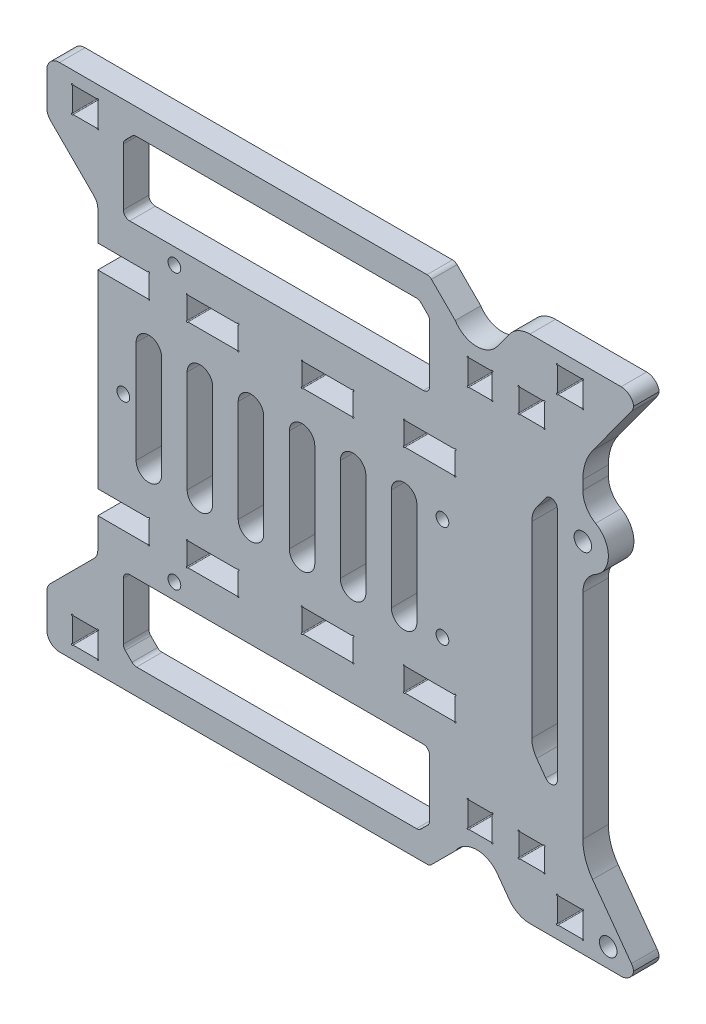
SolidWorks part; units mm, degrees
ref_plane "Front Plane" through (0, 0, 0) normal (0, 0, 1) x (1, 0, 0)
ref_plane "Top Plane" through (0, 0, 0) normal (0, 1, 0) x (1, 0, 0)
ref_plane "Right Plane" through (0, 0, 0) normal (1, 0, 0) x (0, 0, -1)
sketch "Sketch1" plane through (0, 0, 0) normal (0, 0, 1) x (1, 0, 0)
  line L0 (83.672, 0) -> (-43.8164, 0) construction
  line L1 (10.525, 38.1) -> (10.525, -38.1) construction
  line L2 (-27.575, 38.1) -> (48.625, 38.1)
  line L3 (99.425, -63.5) -> (99.425, -60.325)
  line L4 (99.425, -60.325) -> (74.025, -25.4)
  line L5 (-27.575, -63.5) -> (48.625, -63.5)
  line L6 (-27.575, 38.1) -> (-27.575, 54.5197)
  line L7 (48.625, 38.1) -> (48.625, 54.5197)
  line L8 (-24.9447, 57.15) -> (45.9947, 57.15)
  line L9 (-27.575, 63.5) -> (48.625, 63.5)
  line L10 (-33.925, 57.15) -> (-33.925, -57.15)
  line L11 (-27.575, 63.5) -> (-33.925, 57.15)
  line L12 (-24.9447, 57.15) -> (-27.575, 54.5197)
  line L13 (99.425, 63.5) -> (99.425, 60.325)
  line L14 (-23.0849, 59.0099) -> (-29.4349, 52.6599) construction
  line L15 (99.425, 60.325) -> (74.025, 25.4)
  line L16 (74.025, 25.4) -> (74.025, -25.4)
  line L17 (48.625, -38.1) -> (48.625, -54.5197)
  line L18 (-27.575, -38.1) -> (48.625, -38.1)
  line L19 (-24.9447, -57.15) -> (45.9947, -57.15)
  line L20 (-24.9447, -57.15) -> (-27.575, -54.5197)
  line L21 (-27.575, -38.1) -> (-27.575, -54.5197)
  line L22 (-27.575, -63.5) -> (-33.925, -57.15)
  line L23 (48.625, -63.5) -> (54.975, -57.15)
  line L24 (48.625, 63.5) -> (54.975, 57.15)
  line L25 (70.3271, -63.5) -> (99.425, -63.5)
  line L26 (45.9947, 57.15) -> (48.625, 54.5197)
  line L27 (45.9947, -57.15) -> (48.625, -54.5197)
  line L28 (70.3271, 63.5) -> (65.7089, 57.15)
  line L29 (70.3271, 63.5) -> (99.425, 63.5)
  line L30 (78.8831, 75.2646) -> (53.4831, 40.3396) construction
  line L31 (54.975, -42.3909) -> (54.975, -57.15)
  line L32 (70.3271, -63.5) -> (65.7089, -57.15)
  line L34 (48.625, -63.5) -> (54.975, -57.15)
  line L35 (65.7089, 57.15) -> (54.975, 42.3909)
  line L36 (54.975, 42.3909) -> (54.975, 57.15)
  line L37 (65.7089, -57.15) -> (54.975, -42.3909)
  point P7 (-27.575, 0)
  point P21 (74.025, 0)
  point P22 (-33.925, 0)
  dimension "D1" = 25.4
  dimension "D2" = 76.2
  dimension "D3" = 127
  dimension "D4" = 6.35
  dimension "D7" = 3.175
  dimension "D8" = 25.4
  dimension "D9" = 25.4
  dimension "D6" = 6.35
extrude "Boss-Extrude1" add sketch "Sketch1" along normal blind 6.35
fillet "Fillet1" radius 6.35 4 edges at (70.3271, 63.5, 3.175) (70.3271, -63.5, 3.175) (54.975, -42.3909, 3.175) (54.975, 42.3909, 3.175)
fillet "Fillet3" radius 3.175 4 edges at (99.425, 63.5, 3.175) (99.425, 60.325, 3.175) (99.425, -60.325, 3.175) (99.425, -63.5, 3.175)
fillet "Fillet4" radius 6.35 2 edges at (74.025, -25.4, 3.175) (74.025, 25.4, 3.175)
fillet "Fillet7" radius 1.5875 4 edges at (-27.575, -38.1, 3.175) (48.625, -38.1, 3.175) (48.625, 38.1, 3.175) (-27.575, 38.1, 3.175)
fillet "Fillet8" radius 1.5875 2 edges at (48.625, -63.5, 3.175) (48.625, 63.5, 3.175)
fillet "Fillet9" radius 1.5875 8 edges at (-27.575, 54.5197, 3.175) (-24.9447, 57.15, 3.175) (-27.575, -54.5197, 3.175) (-24.9447, -57.15, 3.175) (45.9947, -57.15, 3.175) (48.625, -54.5197, 3.175) (48.625, 54.5197, 3.175) (45.9947, 57.15, 3.175)
sketch "Sketch2" plane through (0, 0, 6.35) normal (0, 0, 1) x (1, 0, 0)
  line L0 (-33.925, 0) -> (74.025, 0) construction
  line L1 (-33.925, 57.15) -> (-33.925, -57.15) construction
  line L2 (74.025, 23.3351) -> (74.025, -23.3351) construction
  line L3 (48.625, 39.6875) -> (48.625, 53.8622) construction
  line L4 (58.3484, 50.8) -> (63.9714, 50.8)
  line L5 (58.15, 50.6016) -> (58.15, 44.6484)
  line L6 (58.3484, 44.45) -> (63.9714, 44.45)
  line L7 (64.1698, 50.6016) -> (64.1698, 44.6484)
  line L8 (64.1698, -50.6016) -> (64.1698, -44.6484)
  line L9 (58.3484, -50.8) -> (63.9714, -50.8)
  line L10 (58.15, -50.6016) -> (58.15, -44.6484)
  line L11 (58.3484, -44.45) -> (63.9714, -44.45)
  arc A0 (58.3484, 50.8) -> (58.15, 50.6016) centre (58.15, 50.8) ccw
  arc A1 (64.1698, 50.6016) -> (63.9714, 50.8) centre (64.1698, 50.8) ccw
  arc A2 (63.9714, 44.45) -> (64.1698, 44.6484) centre (64.1698, 44.45) ccw
  arc A3 (58.15, 44.6484) -> (58.3484, 44.45) centre (58.15, 44.45) ccw
  arc A4 (63.9714, -44.45) -> (64.1698, -44.6484) centre (64.1698, -44.45) cw
  arc A5 (64.1698, -50.6016) -> (63.9714, -50.8) centre (64.1698, -50.8) cw
  arc A6 (58.3484, -50.8) -> (58.15, -50.6016) centre (58.15, -50.8) cw
  arc A7 (58.15, -44.6484) -> (58.3484, -44.45) centre (58.15, -44.45) cw
  point P10 (48.625, 46.7748)
  dimension "D5" = 0.3969
  dimension "D6" = 0.3969
  dimension "D7" = 0.3969
  dimension "D8" = 0.3969
  dimension "D1" = 6.0198
  dimension "D2" = 6.35
  dimension "D3" = 50.8
  dimension "D4" = 9.525
extrude "Cut-Extrude1" cut sketch "Sketch2" against normal through all
sketch "Sketch5" plane through (0, 0, 6.35) normal (0, 0, 1) x (1, 0, 0)
  line L0 (-33.925, 29.3675) -> (74.025, 29.3675) construction
  line L1 (-33.925, 57.15) -> (-33.925, -57.15) construction
  line L2 (74.025, 23.3351) -> (74.025, -23.3351) construction
  line L3 (-25.9875, 38.1) -> (47.0375, 38.1) construction
  line L4 (-33.925, 23.5763) -> (74.025, 23.5763) construction
  line L5 (-33.925, 0) -> (74.025, 0) construction
  line L6 (-11.5016, 29.3675) -> (0.8016, 29.3675)
  line L7 (-11.7, 29.169) -> (-11.7, 23.7747)
  line L8 (-11.5016, 23.5763) -> (0.8016, 23.5763)
  line L9 (1, 29.169) -> (1, 23.7747)
  line L10 (42.4734, 29.3675) -> (54.7766, 29.3675)
  line L11 (42.275, 29.169) -> (42.275, 23.7747)
  line L12 (42.4734, 23.5763) -> (54.7766, 23.5763)
  line L13 (54.975, 29.169) -> (54.975, 23.7747)
  line L14 (29.3766, 29.3675) -> (17.0734, 29.3675)
  line L15 (29.575, 29.169) -> (29.575, 23.7747)
  line L16 (29.3766, 23.5763) -> (17.0734, 23.5763)
  line L17 (16.875, 29.169) -> (16.875, 23.7747)
  line L18 (-21.4234, 29.3675) -> (-33.925, 29.3675)
  line L19 (-21.225, 29.169) -> (-21.225, 23.7747)
  line L20 (-21.4234, 23.5763) -> (-33.925, 23.5763)
  line L21 (-33.925, 29.3675) -> (-33.925, 23.5763)
  line L22 (-33.925, -29.3675) -> (-33.925, -23.5763)
  line L23 (-21.4234, -23.5763) -> (-33.925, -23.5763)
  line L24 (-21.225, -29.169) -> (-21.225, -23.7747)
  line L25 (-21.4234, -29.3675) -> (-33.925, -29.3675)
  line L26 (16.875, -29.169) -> (16.875, -23.7747)
  line L27 (29.3766, -23.5763) -> (17.0734, -23.5763)
  line L28 (29.575, -29.169) -> (29.575, -23.7747)
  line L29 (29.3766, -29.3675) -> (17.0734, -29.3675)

__THE TASK__
The entries above hold the needed span. Transcribe exactly the lines from the one with "line L16 (29.3766, 23.5763)" to the one with "line L23 (-21.4234, -23.5763)", both included.

__WRITTEN SOLUTION__
  line L16 (29.3766, 23.5763) -> (17.0734, 23.5763)
  line L17 (16.875, 29.169) -> (16.875, 23.7747)
  line L18 (-21.4234, 29.3675) -> (-33.925, 29.3675)
  line L19 (-21.225, 29.169) -> (-21.225, 23.7747)
  line L20 (-21.4234, 23.5763) -> (-33.925, 23.5763)
  line L21 (-33.925, 29.3675) -> (-33.925, 23.5763)
  line L22 (-33.925, -29.3675) -> (-33.925, -23.5763)
  line L23 (-21.4234, -23.5763) -> (-33.925, -23.5763)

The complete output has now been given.